Exercise aim: Starting with the line that contains "IQ15 = 32768;" and stopping after the line that contains "settings Model: ExtModeTrigDuration=8", copy the entries below exactly. Include nothing else.

BEGIN Records for this task

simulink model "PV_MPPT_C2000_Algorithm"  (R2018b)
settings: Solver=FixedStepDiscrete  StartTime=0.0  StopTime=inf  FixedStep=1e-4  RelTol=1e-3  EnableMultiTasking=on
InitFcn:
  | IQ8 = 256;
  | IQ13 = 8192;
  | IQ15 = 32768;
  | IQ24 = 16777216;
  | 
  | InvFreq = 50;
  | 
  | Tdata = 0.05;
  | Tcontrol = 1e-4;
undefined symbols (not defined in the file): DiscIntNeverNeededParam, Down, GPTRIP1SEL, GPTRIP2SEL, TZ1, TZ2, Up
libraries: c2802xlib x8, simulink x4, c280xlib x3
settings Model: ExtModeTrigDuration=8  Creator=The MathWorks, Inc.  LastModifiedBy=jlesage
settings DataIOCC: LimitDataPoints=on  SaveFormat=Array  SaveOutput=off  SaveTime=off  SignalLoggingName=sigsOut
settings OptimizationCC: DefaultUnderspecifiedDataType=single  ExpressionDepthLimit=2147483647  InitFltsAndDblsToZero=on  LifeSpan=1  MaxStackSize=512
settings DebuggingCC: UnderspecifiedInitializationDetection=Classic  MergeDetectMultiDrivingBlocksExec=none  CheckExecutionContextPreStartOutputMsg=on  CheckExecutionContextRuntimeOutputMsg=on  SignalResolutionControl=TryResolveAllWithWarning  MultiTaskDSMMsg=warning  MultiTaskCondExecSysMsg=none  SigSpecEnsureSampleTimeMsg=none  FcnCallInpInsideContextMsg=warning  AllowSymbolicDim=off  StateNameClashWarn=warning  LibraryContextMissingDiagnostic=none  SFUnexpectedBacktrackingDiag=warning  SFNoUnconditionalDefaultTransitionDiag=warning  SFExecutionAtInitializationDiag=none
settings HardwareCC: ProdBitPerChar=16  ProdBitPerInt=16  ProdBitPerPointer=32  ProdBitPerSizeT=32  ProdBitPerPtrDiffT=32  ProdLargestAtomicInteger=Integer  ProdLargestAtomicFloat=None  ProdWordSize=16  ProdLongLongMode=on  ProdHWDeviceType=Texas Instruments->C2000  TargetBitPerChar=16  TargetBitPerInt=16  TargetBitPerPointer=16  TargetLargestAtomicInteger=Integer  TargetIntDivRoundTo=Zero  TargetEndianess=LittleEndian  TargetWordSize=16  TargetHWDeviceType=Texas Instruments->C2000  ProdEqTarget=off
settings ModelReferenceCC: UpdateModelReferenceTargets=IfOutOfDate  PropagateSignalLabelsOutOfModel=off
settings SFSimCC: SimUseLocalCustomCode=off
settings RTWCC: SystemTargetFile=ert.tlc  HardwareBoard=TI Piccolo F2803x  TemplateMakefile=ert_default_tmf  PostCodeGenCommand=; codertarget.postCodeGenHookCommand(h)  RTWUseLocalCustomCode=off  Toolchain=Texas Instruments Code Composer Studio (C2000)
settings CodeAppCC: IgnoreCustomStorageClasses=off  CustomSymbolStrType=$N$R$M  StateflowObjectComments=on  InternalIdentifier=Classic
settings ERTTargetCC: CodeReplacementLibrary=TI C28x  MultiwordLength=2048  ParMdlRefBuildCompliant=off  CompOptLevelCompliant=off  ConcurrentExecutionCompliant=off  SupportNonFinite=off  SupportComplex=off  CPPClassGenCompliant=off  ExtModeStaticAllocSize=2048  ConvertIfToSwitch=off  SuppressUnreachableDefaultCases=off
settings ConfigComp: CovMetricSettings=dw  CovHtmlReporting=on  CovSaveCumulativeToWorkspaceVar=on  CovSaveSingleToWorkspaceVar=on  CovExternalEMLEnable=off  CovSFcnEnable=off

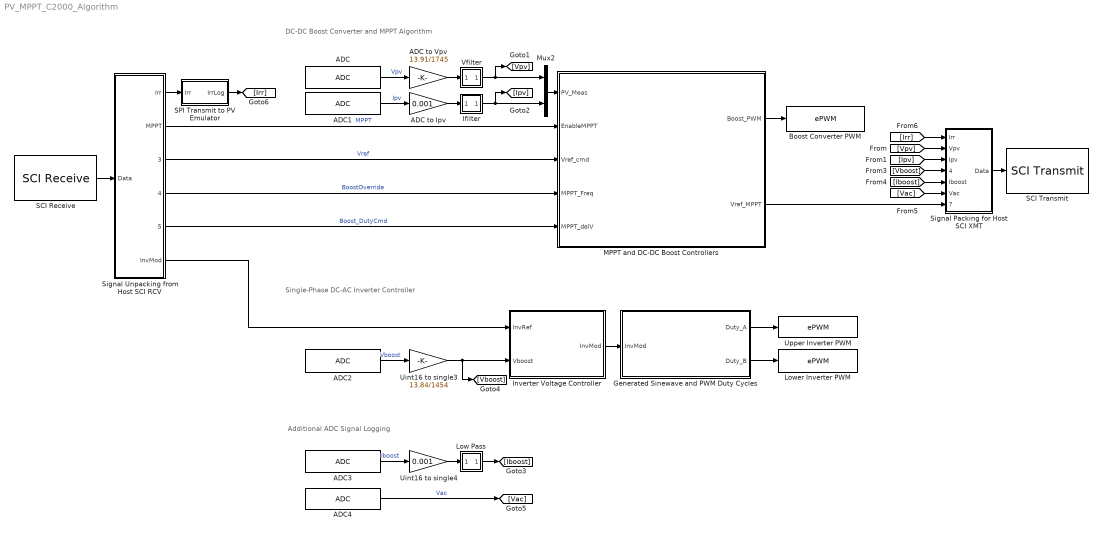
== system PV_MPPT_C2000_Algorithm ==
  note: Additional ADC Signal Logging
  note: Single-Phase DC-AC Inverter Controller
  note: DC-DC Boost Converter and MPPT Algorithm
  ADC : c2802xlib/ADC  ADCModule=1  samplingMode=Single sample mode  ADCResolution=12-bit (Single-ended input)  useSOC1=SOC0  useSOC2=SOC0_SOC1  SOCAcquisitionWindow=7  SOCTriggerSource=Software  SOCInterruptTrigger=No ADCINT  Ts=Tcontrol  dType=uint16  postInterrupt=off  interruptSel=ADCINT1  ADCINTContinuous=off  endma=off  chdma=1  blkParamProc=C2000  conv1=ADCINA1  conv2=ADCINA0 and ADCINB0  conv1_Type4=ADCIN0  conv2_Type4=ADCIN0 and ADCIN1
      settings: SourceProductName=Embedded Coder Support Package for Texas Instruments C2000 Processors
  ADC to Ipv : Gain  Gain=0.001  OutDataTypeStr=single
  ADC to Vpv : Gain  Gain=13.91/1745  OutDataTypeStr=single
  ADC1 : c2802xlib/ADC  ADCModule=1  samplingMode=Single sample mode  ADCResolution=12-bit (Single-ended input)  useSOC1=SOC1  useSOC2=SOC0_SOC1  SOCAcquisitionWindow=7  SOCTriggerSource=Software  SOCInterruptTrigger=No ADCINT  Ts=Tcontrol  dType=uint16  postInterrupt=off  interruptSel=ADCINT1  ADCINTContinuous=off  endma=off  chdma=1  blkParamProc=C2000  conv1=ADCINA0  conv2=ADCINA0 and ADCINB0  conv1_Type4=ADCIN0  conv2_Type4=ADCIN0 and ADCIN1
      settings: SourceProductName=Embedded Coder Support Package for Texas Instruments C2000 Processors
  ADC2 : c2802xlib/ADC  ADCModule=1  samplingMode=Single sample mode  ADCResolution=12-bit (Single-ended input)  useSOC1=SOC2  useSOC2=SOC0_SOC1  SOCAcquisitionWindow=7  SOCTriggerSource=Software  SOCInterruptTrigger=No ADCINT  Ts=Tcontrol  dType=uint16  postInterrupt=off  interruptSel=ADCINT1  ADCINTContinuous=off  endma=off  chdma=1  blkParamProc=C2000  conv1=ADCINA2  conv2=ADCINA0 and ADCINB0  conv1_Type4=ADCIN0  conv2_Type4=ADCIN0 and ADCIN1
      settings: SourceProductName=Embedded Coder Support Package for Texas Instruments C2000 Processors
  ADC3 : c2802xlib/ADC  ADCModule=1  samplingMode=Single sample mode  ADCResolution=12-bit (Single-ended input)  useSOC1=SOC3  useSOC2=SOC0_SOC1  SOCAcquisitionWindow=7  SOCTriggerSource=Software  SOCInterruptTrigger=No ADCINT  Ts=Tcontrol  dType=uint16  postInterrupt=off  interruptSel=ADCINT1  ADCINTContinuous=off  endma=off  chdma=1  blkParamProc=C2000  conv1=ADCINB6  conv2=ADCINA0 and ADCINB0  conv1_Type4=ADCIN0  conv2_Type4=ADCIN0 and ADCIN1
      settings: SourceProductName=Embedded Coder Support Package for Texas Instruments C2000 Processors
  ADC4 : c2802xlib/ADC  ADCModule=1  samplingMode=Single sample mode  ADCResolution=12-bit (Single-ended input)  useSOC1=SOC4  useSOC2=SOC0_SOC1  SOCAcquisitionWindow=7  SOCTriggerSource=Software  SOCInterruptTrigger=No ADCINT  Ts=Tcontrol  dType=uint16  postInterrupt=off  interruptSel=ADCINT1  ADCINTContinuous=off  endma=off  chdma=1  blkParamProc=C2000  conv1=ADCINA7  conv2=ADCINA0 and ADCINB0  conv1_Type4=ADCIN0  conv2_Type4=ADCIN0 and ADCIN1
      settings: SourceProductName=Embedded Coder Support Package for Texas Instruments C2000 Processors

END Records for this task

Written response:
  | IQ15 = 32768;
  | IQ24 = 16777216;
  | 
  | InvFreq = 50;
  | 
  | Tdata = 0.05;
  | Tcontrol = 1e-4;
undefined symbols (not defined in the file): DiscIntNeverNeededParam, Down, GPTRIP1SEL, GPTRIP2SEL, TZ1, TZ2, Up
libraries: c2802xlib x8, simulink x4, c280xlib x3
settings Model: ExtModeTrigDuration=8  Creator=The MathWorks, Inc.  LastModifiedBy=jlesage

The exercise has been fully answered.